Riesz transforms, function spaces, and weighted estimates for Schrödinger operators with non-negative potentials

The main aim of this thesis is to obtain estimates for Riesz transforms associated to the Schrödinger operator with non-negative potentials on various function spaces over the Euclidean spaces. Our results concern the first- and second-order Riesz transforms on the weighted Lp spaces, the Hardy spaces, and the Morrey spaces. We describe our main results briefly in the following. -- We show that the Lp boundedness of the first-order Riesz transforms within a range of exponents is equivalent, firstly to their boundedness on the weighted Lp spaces within a specific range of both p and (Muckenhoupt) weights, and secondly to their boundedness on the Morrey spaces Lp,λ within a specific range of parameters p and λ. -- On specialising to the case where the potential satisfies a reverse Hölder inequality up to some exponent, we show that the second-order Riesz transforms are bounded on three classes of function spaces: the weighted Lebesgue spaces, the Hardy spaces associated to the Schrödinger operator, and the Morrey spaces, again within a specific range of parameters; this time depending on the reverse Hölder exponent.

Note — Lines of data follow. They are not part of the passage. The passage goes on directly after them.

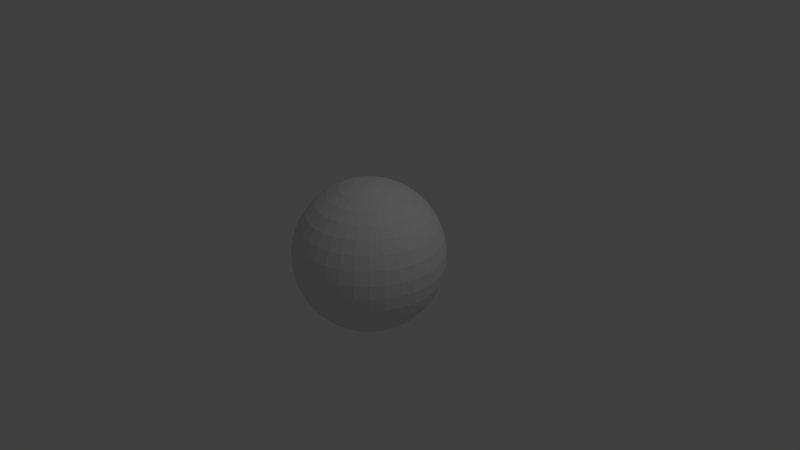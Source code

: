 # Source: world2.blend  (saved by Blender 2.78.0; exported with 4.5.12 LTS)
import bpy
from mathutils import Matrix  # noqa: F401  (used for matrix-valued properties, if any)

bpy.ops.wm.read_factory_settings(use_empty=True)
scene = bpy.context.scene
scene.name = 'Scene'

# ---- collections
col_collection_1 = bpy.data.collections.new('Collection 1'); scene.collection.children.link(col_collection_1)

# ---- materials (node trees are filled in below, after node groups)
mat_material_001 = bpy.data.materials.new('Material.001')
mat_material_001.alpha_threshold = 0.0
mat_material_001.use_transparent_shadow = False
mat_material_001.roughness = 0.5

# ---- material node trees

# ---- world
world_world = bpy.data.worlds.new('World'); scene.world = world_world
world_world.color = (0.05088, 0.05088, 0.05088)
world_world.use_sun_shadow = False
world_world.sun_shadow_jitter_overblur = 0.0
world_world.cycles.sampling_method = 'MANUAL'

# ---- cameras
cam_camera = bpy.data.cameras.new('Camera')
cam_camera.clip_end = 100.0
cam_camera.lens = 35.0
cam_camera.sensor_width = 32.0
cam_camera.sensor_height = 18.0
cam_camera.ortho_scale = 7.314
cam_camera.dof.focus_distance = 0.0
cam_camera.dof.aperture_fstop = 128.0

# ---- lights
light_lamp = bpy.data.lights.new('Lamp', 'POINT')
light_lamp.transmission_factor = 0.0
light_lamp.cutoff_distance = 30.0
light_lamp.energy = 100.0
light_lamp.shadow_buffer_clip_start = 1.001
light_lamp.shadow_soft_size = 0.1
light_lamp.shadow_maximum_resolution = 0.006
light_lamp.use_absolute_resolution = True

# ---- meshes
me_sphere = bpy.data.meshes.new('Sphere')
me_sphere.from_pydata([(0.0, 0.1837, 0.983), (0.0, 0.3612, 0.9325), (0.0, 0.5264, 0.8502), (0.0, 0.6737, 0.739), (0.0, 0.798, 0.6026), (0.0, 0.8952, 0.4457), (0.0, 0.9957, 0.09227), (0.0, 0.9957, -0.09227), (0.0, 0.8952, -0.4457), (0.0, 0.798, -0.6026), (0.0, 0.6737, -0.739), (0.0, 0.5264, -0.8502), (0.0, 0.3612, -0.9325), (0.0, 0.1837, -0.983), (0.03477, 0.1804, 0.983), (0.06837, 0.3547, 0.9325), (0.09963, 0.5169, 0.8502), (0.1275, 0.6615, 0.739), (0.151, 0.7836, 0.6026), (0.1694, 0.879, 0.4457), (0.182, 0.9444, 0.2737), (0.1884, 0.9777, 0.09227), (0.1884, 0.9777, -0.09227), (0.182, 0.9444, -0.2737), (0.1694, 0.879, -0.4457), (0.151, 0.7836, -0.6026), (0.1275, 0.6615, -0.739), (0.09963, 0.5169, -0.8502), (0.06837, 0.3547, -0.9325), (0.03477, 0.1804, -0.983), (0.06829, 0.1706, 0.983), (0.1343, 0.3354, 0.9325), (0.1957, 0.4887, 0.8502), (0.2504, 0.6254, 0.739), (0.2966, 0.7409, 0.6026), (0.3327, 0.831, 0.4457), (0.3575, 0.8929, 0.2737), (0.3701, 0.9244, 0.09227), (0.3701, 0.9244, -0.09227), (0.3575, 0.8929, -0.2737), (0.3327, 0.831, -0.4457), (0.2966, 0.7409, -0.6026), (0.2504, 0.6254, -0.739), (0.1957, 0.4887, -0.8502), (0.1343, 0.3354, -0.9325), (0.06829, 0.1706, -0.983), (0.09934, 0.1546, 0.983), (0.1953, 0.3039, 0.9325), (0.2846, 0.4429, 0.8502), (0.3642, 0.5667, 0.739), (0.4314, 0.6713, 0.6026), (0.484, 0.7531, 0.4457), (0.52, 0.8091, 0.2737), (0.5383, 0.8377, 0.09227), (0.5383, 0.8377, -0.09227), (0.52, 0.8091, -0.2737), (0.484, 0.7531, -0.4457), (0.4314, 0.6713, -0.6026), (0.3642, 0.5667, -0.739), (0.2846, 0.4429, -0.8502), (0.1953, 0.3039, -0.9325), (0.09934, 0.1546, -0.983), (0.1268, 0.133, 0.983), (0.2493, 0.2614, 0.9325), (0.3633, 0.381, 0.8502), (0.4649, 0.4876, 0.739), (0.5507, 0.5776, 0.6026), (0.6177, 0.6479, 0.4457), (0.6637, 0.6961, 0.2737), (0.6871, 0.7206, 0.09227), (0.6871, 0.7206, -0.09227), (0.6637, 0.6961, -0.2737), (0.6177, 0.6479, -0.4457), (0.5507, 0.5776, -0.6026), (0.4649, 0.4876, -0.739), (0.3633, 0.381, -0.8502), (0.2493, 0.2614, -0.9325), (0.1268, 0.133, -0.983), (0.1497, 0.1066, 0.983), (0.2943, 0.2095, 0.9325), (0.4288, 0.3054, 0.8502), (0.5488, 0.3908, 0.739), (0.65, 0.4629, 0.6026), (0.7292, 0.5192, 0.4457), (0.7835, 0.5579, 0.2737), (0.8111, 0.5776, 0.09227), (0.8111, 0.5776, -0.09227), (0.7835, 0.5579, -0.2737), (0.7292, 0.5192, -0.4457), (0.65, 0.4629, -0.6026), (0.5488, 0.3908, -0.739), (0.4288, 0.3054, -0.8502), (0.2943, 0.2095, -0.9325), (0.1497, 0.1066, -0.983), (0.1671, 0.07633, 0.983), (0.3286, 0.1501, 0.9325), (0.4789, 0.2187, 0.8502), (0.6128, 0.2799, 0.739), (0.7259, 0.3315, 0.6026), (0.8143, 0.3719, 0.4457), (0.8749, 0.3996, 0.2737), (0.9058, 0.4136, 0.09227), (0.9058, 0.4136, -0.09227), (0.8749, 0.3996, -0.2737), (0.8143, 0.3719, -0.4457), (0.7259, 0.3315, -0.6026), (0.6128, 0.2799, -0.739), (0.4789, 0.2187, -0.8502), (0.3286, 0.1501, -0.9325), (0.1671, 0.07633, -0.983), (0.1786, 0.04332, 0.983), (0.3511, 0.08517, 0.9325), (0.5116, 0.1241, 0.8502), (0.6547, 0.1588, 0.739), (0.7755, 0.1881, 0.6026), (0.8699, 0.211, 0.4457), (0.9347, 0.2268, 0.2737), (0.9677, 0.2348, 0.09227), (0.9677, 0.2348, -0.09227), (0.9347, 0.2268, -0.2737), (0.8699, 0.211, -0.4457), (0.7755, 0.1881, -0.6026), (0.6547, 0.1588, -0.739), (0.5116, 0.1241, -0.8502), (0.3511, 0.08517, -0.9325), (0.1786, 0.04332, -0.983), (0.1835, 0.008743, 0.983), (0.3608, 0.01719, 0.9325), (0.5258, 0.02505, 0.8502), (0.6729, 0.03206, 0.739), (0.7971, 0.03797, 0.6026), (0.8942, 0.04259, 0.4457), (0.9607, 0.04576, 0.2737), (0.9946, 0.04738, 0.09227), (0.9946, 0.04738, -0.09227), (0.9607, 0.04576, -0.2737), (0.8942, 0.04259, -0.4457), (0.7971, 0.03797, -0.6026), (0.6729, 0.03206, -0.739), (0.5258, 0.02505, -0.8502), (0.3608, 0.01719, -0.9325), (0.1835, 0.008743, -0.983), (0.1819, -0.02615, 0.983), (0.3576, -0.05141, 0.9325), (0.5211, -0.07492, 0.8502), (0.6668, -0.09588, 0.739), (0.7899, -0.1136, 0.6026), (0.8861, -0.1274, 0.4457), (0.952, -0.1369, 0.2737), (0.9856, -0.1417, 0.09227), (0.9856, -0.1417, -0.09227), (0.952, -0.1369, -0.2737), (0.8861, -0.1274, -0.4457), (0.7899, -0.1136, -0.6026), (0.6668, -0.09588, -0.739), (0.5211, -0.07492, -0.8502), (0.3576, -0.05141, -0.9325), (0.1819, -0.02615, -0.983), (0.1736, -0.0601, 0.983), (0.3414, -0.1182, 0.9325), (0.4975, -0.1722, 0.8502), (0.6366, -0.2203, 0.739), (0.7541, -0.261, 0.6026), (0.8459, -0.2928, 0.4457), (0.9089, -0.3146, 0.2737), (0.941, -0.3257, 0.09227), (0.941, -0.3257, -0.09227), (0.9089, -0.3146, -0.2737), (0.8459, -0.2928, -0.4457), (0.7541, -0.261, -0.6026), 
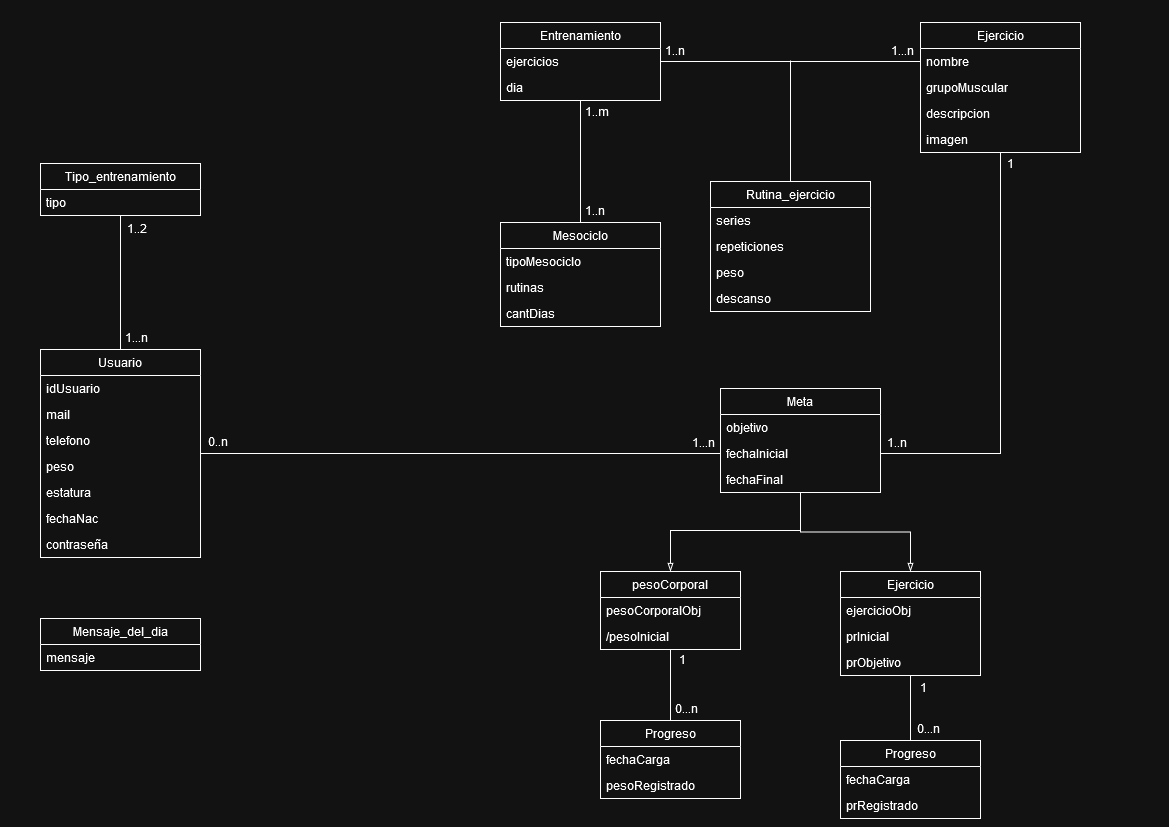

The diagram above was exported from draw.io. Its source (the exported page's mxGraphModel, read from the mxfile embedded in the PNG):
<mxGraphModel dx="1644" dy="713" grid="1" gridSize="10" guides="1" tooltips="1" connect="1" arrows="1" fold="1" page="1" pageScale="1" pageWidth="1169" pageHeight="827" math="0" shadow="0">
  <root>
    <mxCell id="0" />
    <mxCell id="1" parent="0" />
    <mxCell id="b5exWTldyXnCVat9tKO8-86" style="edgeStyle=orthogonalEdgeStyle;rounded=0;orthogonalLoop=1;jettySize=auto;html=1;endArrow=none;endFill=0;" parent="1" source="b5exWTldyXnCVat9tKO8-1" target="b5exWTldyXnCVat9tKO8-21" edge="1">
      <mxGeometry relative="1" as="geometry" />
    </mxCell>
    <mxCell id="b5exWTldyXnCVat9tKO8-87" style="edgeStyle=orthogonalEdgeStyle;rounded=0;orthogonalLoop=1;jettySize=auto;html=1;entryX=0;entryY=0.5;entryDx=0;entryDy=0;endArrow=none;endFill=0;" parent="1" source="b5exWTldyXnCVat9tKO8-1" target="b5exWTldyXnCVat9tKO8-71" edge="1">
      <mxGeometry relative="1" as="geometry" />
    </mxCell>
    <mxCell id="b5exWTldyXnCVat9tKO8-1" value="Usuario" style="swimlane;fontStyle=0;childLayout=stackLayout;horizontal=1;startSize=26;fillColor=none;horizontalStack=0;resizeParent=1;resizeParentMax=0;resizeLast=0;collapsible=1;marginBottom=0;whiteSpace=wrap;html=1;" parent="1" vertex="1">
      <mxGeometry x="40" y="349" width="160" height="208" as="geometry" />
    </mxCell>
    <mxCell id="b5exWTldyXnCVat9tKO8-2" value="&lt;div&gt;idUsuario&lt;/div&gt;" style="text;strokeColor=none;fillColor=none;align=left;verticalAlign=top;spacingLeft=4;spacingRight=4;overflow=hidden;rotatable=0;points=[[0,0.5],[1,0.5]];portConstraint=eastwest;whiteSpace=wrap;html=1;" parent="b5exWTldyXnCVat9tKO8-1" vertex="1">
      <mxGeometry y="26" width="160" height="26" as="geometry" />
    </mxCell>
    <mxCell id="b5exWTldyXnCVat9tKO8-40" value="mail" style="text;strokeColor=none;fillColor=none;align=left;verticalAlign=top;spacingLeft=4;spacingRight=4;overflow=hidden;rotatable=0;points=[[0,0.5],[1,0.5]];portConstraint=eastwest;whiteSpace=wrap;html=1;" parent="b5exWTldyXnCVat9tKO8-1" vertex="1">
      <mxGeometry y="52" width="160" height="26" as="geometry" />
    </mxCell>
    <mxCell id="b5exWTldyXnCVat9tKO8-41" value="telefono" style="text;strokeColor=none;fillColor=none;align=left;verticalAlign=top;spacingLeft=4;spacingRight=4;overflow=hidden;rotatable=0;points=[[0,0.5],[1,0.5]];portConstraint=eastwest;whiteSpace=wrap;html=1;" parent="b5exWTldyXnCVat9tKO8-1" vertex="1">
      <mxGeometry y="78" width="160" height="26" as="geometry" />
    </mxCell>
    <mxCell id="b5exWTldyXnCVat9tKO8-62" value="peso" style="text;strokeColor=none;fillColor=none;align=left;verticalAlign=top;spacingLeft=4;spacingRight=4;overflow=hidden;rotatable=0;points=[[0,0.5],[1,0.5]];portConstraint=eastwest;whiteSpace=wrap;html=1;" parent="b5exWTldyXnCVat9tKO8-1" vertex="1">
      <mxGeometry y="104" width="160" height="26" as="geometry" />
    </mxCell>
    <mxCell id="b5exWTldyXnCVat9tKO8-61" value="estatura" style="text;strokeColor=none;fillColor=none;align=left;verticalAlign=top;spacingLeft=4;spacingRight=4;overflow=hidden;rotatable=0;points=[[0,0.5],[1,0.5]];portConstraint=eastwest;whiteSpace=wrap;html=1;" parent="b5exWTldyXnCVat9tKO8-1" vertex="1">
      <mxGeometry y="130" width="160" height="26" as="geometry" />
    </mxCell>
    <mxCell id="b5exWTldyXnCVat9tKO8-63" value="fechaNac" style="text;strokeColor=none;fillColor=none;align=left;verticalAlign=top;spacingLeft=4;spacingRight=4;overflow=hidden;rotatable=0;points=[[0,0.5],[1,0.5]];portConstraint=eastwest;whiteSpace=wrap;html=1;" parent="b5exWTldyXnCVat9tKO8-1" vertex="1">
      <mxGeometry y="156" width="160" height="26" as="geometry" />
    </mxCell>
    <mxCell id="b5exWTldyXnCVat9tKO8-3" value="contraseña" style="text;strokeColor=none;fillColor=none;align=left;verticalAlign=top;spacingLeft=4;spacingRight=4;overflow=hidden;rotatable=0;points=[[0,0.5],[1,0.5]];portConstraint=eastwest;whiteSpace=wrap;html=1;" parent="b5exWTldyXnCVat9tKO8-1" vertex="1">
      <mxGeometry y="182" width="160" height="26" as="geometry" />
    </mxCell>
    <mxCell id="b5exWTldyXnCVat9tKO8-81" style="edgeStyle=orthogonalEdgeStyle;rounded=0;orthogonalLoop=1;jettySize=auto;html=1;entryX=0.5;entryY=0;entryDx=0;entryDy=0;endArrow=none;endFill=0;" parent="1" source="b5exWTldyXnCVat9tKO8-5" target="b5exWTldyXnCVat9tKO8-50" edge="1">
      <mxGeometry relative="1" as="geometry" />
    </mxCell>
    <mxCell id="b5exWTldyXnCVat9tKO8-82" style="edgeStyle=orthogonalEdgeStyle;rounded=0;orthogonalLoop=1;jettySize=auto;html=1;entryX=0;entryY=0.5;entryDx=0;entryDy=0;endArrow=none;endFill=0;" parent="1" source="b5exWTldyXnCVat9tKO8-5" target="b5exWTldyXnCVat9tKO8-11" edge="1">
      <mxGeometry relative="1" as="geometry" />
    </mxCell>
    <mxCell id="b5exWTldyXnCVat9tKO8-5" value="Entrenamiento" style="swimlane;fontStyle=0;childLayout=stackLayout;horizontal=1;startSize=26;fillColor=none;horizontalStack=0;resizeParent=1;resizeParentMax=0;resizeLast=0;collapsible=1;marginBottom=0;whiteSpace=wrap;html=1;" parent="1" vertex="1">
      <mxGeometry x="500" y="22" width="160" height="78" as="geometry" />
    </mxCell>
    <mxCell id="b5exWTldyXnCVat9tKO8-8" value="ejercicios" style="text;strokeColor=none;fillColor=none;align=left;verticalAlign=top;spacingLeft=4;spacingRight=4;overflow=hidden;rotatable=0;points=[[0,0.5],[1,0.5]];portConstraint=eastwest;whiteSpace=wrap;html=1;" parent="b5exWTldyXnCVat9tKO8-5" vertex="1">
      <mxGeometry y="26" width="160" height="26" as="geometry" />
    </mxCell>
    <mxCell id="b5exWTldyXnCVat9tKO8-27" value="dia" style="text;strokeColor=none;fillColor=none;align=left;verticalAlign=top;spacingLeft=4;spacingRight=4;overflow=hidden;rotatable=0;points=[[0,0.5],[1,0.5]];portConstraint=eastwest;whiteSpace=wrap;html=1;" parent="b5exWTldyXnCVat9tKO8-5" vertex="1">
      <mxGeometry y="52" width="160" height="26" as="geometry" />
    </mxCell>
    <mxCell id="b5exWTldyXnCVat9tKO8-85" style="edgeStyle=orthogonalEdgeStyle;rounded=0;orthogonalLoop=1;jettySize=auto;html=1;entryX=1;entryY=0.5;entryDx=0;entryDy=0;endArrow=none;endFill=0;" parent="1" source="b5exWTldyXnCVat9tKO8-9" target="b5exWTldyXnCVat9tKO8-71" edge="1">
      <mxGeometry relative="1" as="geometry" />
    </mxCell>
    <mxCell id="b5exWTldyXnCVat9tKO8-9" value="Ejercicio" style="swimlane;fontStyle=0;childLayout=stackLayout;horizontal=1;startSize=26;fillColor=none;horizontalStack=0;resizeParent=1;resizeParentMax=0;resizeLast=0;collapsible=1;marginBottom=0;whiteSpace=wrap;html=1;" parent="1" vertex="1">
      <mxGeometry x="920" y="22" width="160" height="130" as="geometry" />
    </mxCell>
    <mxCell id="b5exWTldyXnCVat9tKO8-11" value="nombre" style="text;strokeColor=none;fillColor=none;align=left;verticalAlign=top;spacingLeft=4;spacingRight=4;overflow=hidden;rotatable=0;points=[[0,0.5],[1,0.5]];portConstraint=eastwest;whiteSpace=wrap;html=1;" parent="b5exWTldyXnCVat9tKO8-9" vertex="1">
      <mxGeometry y="26" width="160" height="26" as="geometry" />
    </mxCell>
    <mxCell id="b5exWTldyXnCVat9tKO8-31" value="grupoMuscular" style="text;strokeColor=none;fillColor=none;align=left;verticalAlign=top;spacingLeft=4;spacingRight=4;overflow=hidden;rotatable=0;points=[[0,0.5],[1,0.5]];portConstraint=eastwest;whiteSpace=wrap;html=1;" parent="b5exWTldyXnCVat9tKO8-9" vertex="1">
      <mxGeometry y="52" width="160" height="26" as="geometry" />
    </mxCell>
    <mxCell id="b5exWTldyXnCVat9tKO8-33" value="descripcion" style="text;strokeColor=none;fillColor=none;align=left;verticalAlign=top;spacingLeft=4;spacingRight=4;overflow=hidden;rotatable=0;points=[[0,0.5],[1,0.5]];portConstraint=eastwest;whiteSpace=wrap;html=1;" parent="b5exWTldyXnCVat9tKO8-9" vertex="1">
      <mxGeometry y="78" width="160" height="26" as="geometry" />
    </mxCell>
    <mxCell id="b5exWTldyXnCVat9tKO8-34" value="imagen" style="text;strokeColor=none;fillColor=none;align=left;verticalAlign=top;spacingLeft=4;spacingRight=4;overflow=hidden;rotatable=0;points=[[0,0.5],[1,0.5]];portConstraint=eastwest;whiteSpace=wrap;html=1;" parent="b5exWTldyXnCVat9tKO8-9" vertex="1">
      <mxGeometry y="104" width="160" height="26" as="geometry" />
    </mxCell>
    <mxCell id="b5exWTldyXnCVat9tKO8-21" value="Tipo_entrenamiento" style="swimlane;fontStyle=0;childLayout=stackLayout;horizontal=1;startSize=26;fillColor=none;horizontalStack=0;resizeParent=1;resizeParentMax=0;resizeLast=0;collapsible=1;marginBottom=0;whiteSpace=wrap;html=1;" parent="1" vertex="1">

This is achieved through some new estimates on the heat kernel (associated to the Schrödinger operator) that we derive within this context. These estimates involve the time and the spatial derivatives and have extra global decay over the usual Gaussian. -- In this setting we also study a class of weights that generalise the Muckenhoupt weights and are adapted to the Schrödinger operator in a certain sense. We develop some new good-λ estimates that provide a systematic framework for investigating operators lacking kernel regularity on Lp spaces with these weights.